(1) The Trust common shares (the “Shares”) are owned directly by CGI Magyar Holdings LLC., (“CGI Magyar”) a Delaware LLC with its principal offices at 301 Riverside Avenue, Westport, CT 06680. CGI Magyar was formed for the purpose of holding CODI shares and on December 31, 2023, CGI Magyar’s ownership was transferred from The Kattegat Trust to The Stevns Trust, without consideration or payment, as a charitable donation. CGI Magyar is owned 99.6% by The Stevns Trust and 0.04% by Anholt Services (USA), Inc. The Stevns Trust is a Bermudian charitable trust, engaged in the principal business of distributing income for charitable purposes, with its principal offices at Wessex House, 5th Floor, 45 Reid St., Hamilton HM12. The Co-Trustees of the Stevns Trust are Kattegat Private Trustees (Bermuda) Limited (“KPTBL”) and Hamilton Trust Company Limited (“HTCL”), Bermudian trust companies each with its principal offices at Wessex House 5th Fl., 45 Reid Street, Hamilton HM12, Bermuda. Path Spirit Limited is the trust protector for The Stevns Trust. KPTBL is wholly owned by The Lund Purpose Trust, a Bermudian purpose trust with its principal offices at Thistle House, 4 Burnaby Street, Hamilton HM 11, Bermuda, formed for the sole purpose of holding the shares of KPTBL. HTCL is owned 60% by Moore Stephens Bermuda L.P., a Bermuda exempted and limited partnership, and 40% by Lisvane Holdings Ltd., a local Bermuda company. The Stevns Trust and Path Spirit Limited disclaim beneficial ownership of the Shares, except to the extent of their pecuniary interest therein. This information is based on a Form 13D filed by CGI Magyar Holdings LLC, Path Spirit Limited and The Stevns Trust on November 26, 2024.
(2) The address for American Century Investment Management, Inc. is 4500 Main Street 9th Floor, Kansas City, Missouri, 64111. This information is based on a Schedule 13G/A filed by American Century Investment Management, Inc. on November 8, 2024. American Century Investment Management, Inc. has sole dispositive power over 6,034,994 shares, shared dispositive power over 0 shares, sole voting power over 5,817,131 shares and shared voting power over 0 shares.
(3) The address for The Vanguard Group is 100 Vanguard Blvd., Malvern, PA 19355. This information is based on a Schedule 13G/A filed by The Vanguard Group on February 13, 2024. The Vanguard Group has sole dispositive power over 4,940,892 shares, shared dispositive power over 77,882 shares, sole voting power over 0 shares and shared voting power over 42,354 shares.
(4) The address for BlackRock, Inc. is 50 Hudson Yards, New York, NY 10001. This information is based on a Schedule 13G/A filed by BlackRock, Inc. on November 8, 2024. BlackRock, Inc. has sole dispositive power over 4,229,890 shares, shared dispositive power over 0 shares, sole voting power over 4,089,752 shares and shared voting power over 0 shares.
(5) 34,062 of these shares are beneficially owned directly by Mr. Burns, 30,000 of these shares are beneficially owned by Mr. Burns through a trust settled by Mr. Burns’ spouse and 23,617 of these shares are beneficially owned by Mr. Burns through the Gordon M. Burns 2009 Revocable Trust.
(6) 331,826 of these shares are owned by our Manager.

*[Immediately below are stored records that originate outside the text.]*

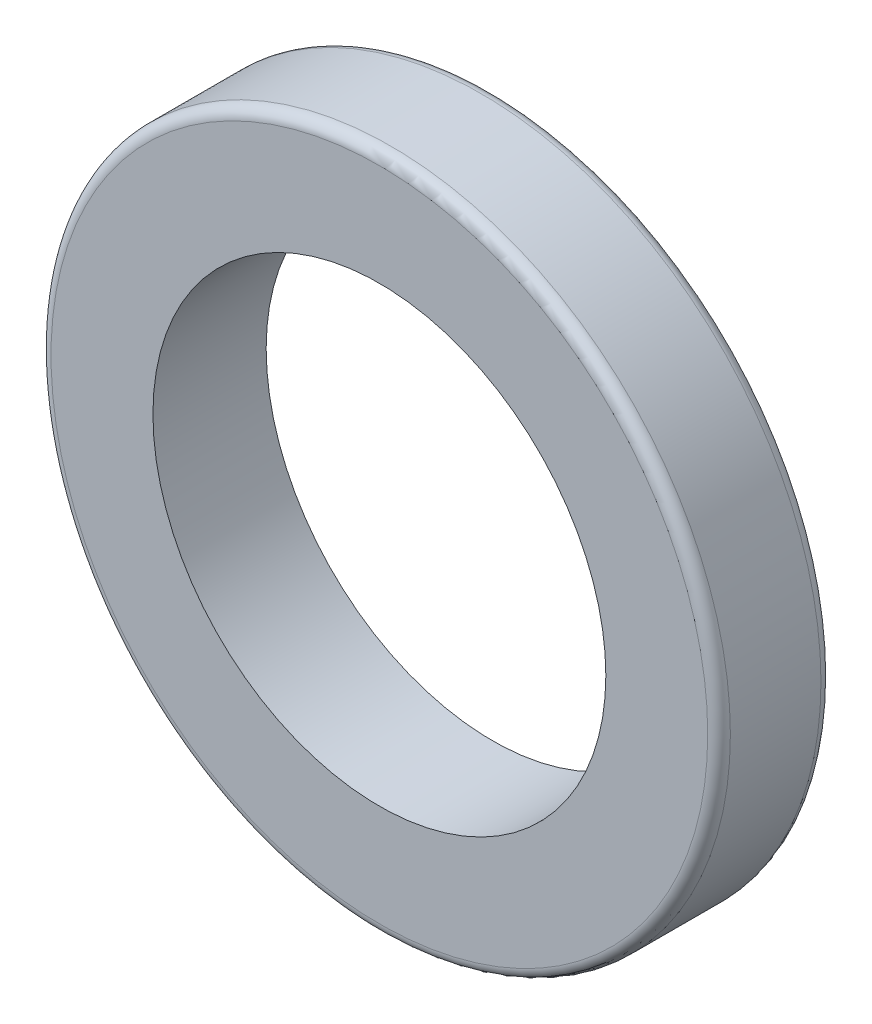
SolidWorks part; units mm, degrees
ref_plane "Front Plane" through (0, 0, 0) normal (0, 0, 1) x (1, 0, 0)
ref_plane "Top Plane" through (0, 0, 0) normal (0, 1, 0) x (1, 0, 0)
ref_plane "Right Plane" through (0, 0, 0) normal (1, 0, 0) x (0, 0, -1)
sketch "Sketch1" plane through (0, 0, 0) normal (0, 0, 1) x (1, 0, 0)
  circle A0 centre (0, 0) radius 5.08
  circle A1 centre (0, 0) radius 7.62
  dimension "D1" = 10.16
  dimension "D2" = 15.24
extrude "Boss-Extrude1" add sketch "Sketch1" along normal blind 2.54
fillet "Fillet1" radius 0.254 2 edges at (7.62, 0, 0) (7.62, 0, 2.54)

Mr. Sabo is the managing and controlling member of our Manager. Mr. Sabo disclaims beneficial ownership of these shares, except to the extent of his pecuniary interest.
(7) 1,320 of these shares are beneficially owned by Ms. Shaffer and directly by the Shaffer Living Trust of which Ms. Shaffer and her spouse are trustees and beneficiaries.
(8) Mr. Faulkingham served as our Chief Financial Officer from January to August of 2024. 787 of these shares are beneficially owned by Mr. Faulkingham and directly by Mr. Faulkingham’s spouse.